Work order » Reproduce all of the entries below exactly, without images.

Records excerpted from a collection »
************
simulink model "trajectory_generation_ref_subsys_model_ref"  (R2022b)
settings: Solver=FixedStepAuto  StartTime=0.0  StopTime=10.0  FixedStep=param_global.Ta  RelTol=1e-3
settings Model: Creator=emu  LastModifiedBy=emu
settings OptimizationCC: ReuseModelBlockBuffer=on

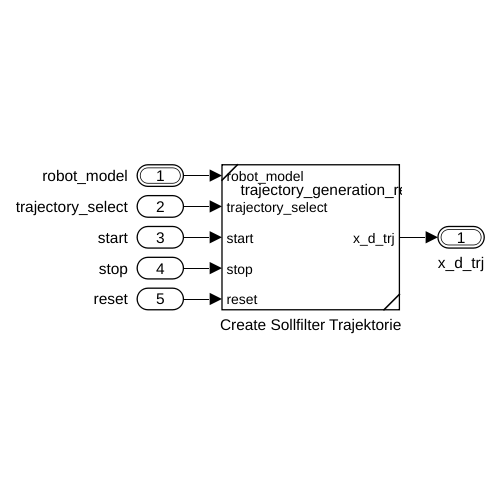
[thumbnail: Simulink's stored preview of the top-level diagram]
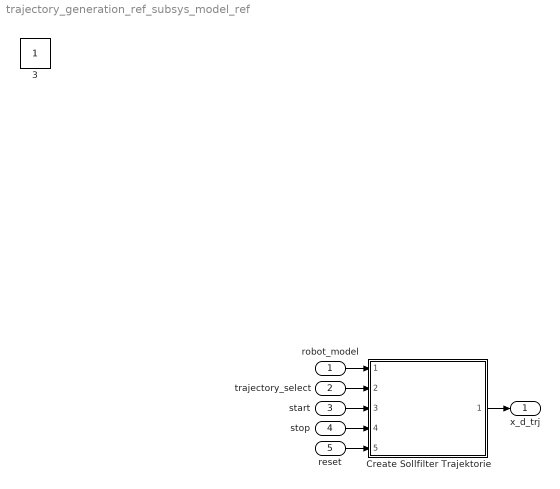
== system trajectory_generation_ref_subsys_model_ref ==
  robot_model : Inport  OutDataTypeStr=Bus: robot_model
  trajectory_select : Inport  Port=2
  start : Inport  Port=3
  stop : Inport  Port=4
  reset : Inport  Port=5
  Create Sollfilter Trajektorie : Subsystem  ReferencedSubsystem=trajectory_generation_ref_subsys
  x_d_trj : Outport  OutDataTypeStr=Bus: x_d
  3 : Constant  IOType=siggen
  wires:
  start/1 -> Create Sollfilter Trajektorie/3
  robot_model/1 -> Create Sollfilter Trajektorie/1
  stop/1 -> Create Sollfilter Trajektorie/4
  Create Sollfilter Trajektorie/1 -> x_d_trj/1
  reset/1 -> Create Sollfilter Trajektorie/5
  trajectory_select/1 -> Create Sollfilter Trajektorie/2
************
Answer box »
simulink model "trajectory_generation_ref_subsys_model_ref"  (R2022b)
settings: Solver=FixedStepAuto  StartTime=0.0  StopTime=10.0  FixedStep=param_global.Ta  RelTol=1e-3
settings Model: Creator=emu  LastModifiedBy=emu
settings OptimizationCC: ReuseModelBlockBuffer=on

[thumbnail: Simulink's stored preview of the top-level diagram]
== system trajectory_generation_ref_subsys_model_ref ==
  robot_model : Inport  OutDataTypeStr=Bus: robot_model
  trajectory_select : Inport  Port=2
  start : Inport  Port=3
  stop : Inport  Port=4
  reset : Inport  Port=5
  Create Sollfilter Trajektorie : Subsystem  ReferencedSubsystem=trajectory_generation_ref_subsys
  x_d_trj : Outport  OutDataTypeStr=Bus: x_d
  3 : Constant  IOType=siggen
  wires:
  start/1 -> Create Sollfilter Trajektorie/3
  robot_model/1 -> Create Sollfilter Trajektorie/1
  stop/1 -> Create Sollfilter Trajektorie/4
  Create Sollfilter Trajektorie/1 -> x_d_trj/1
  reset/1 -> Create Sollfilter Trajektorie/5
  trajectory_select/1 -> Create Sollfilter Trajektorie/2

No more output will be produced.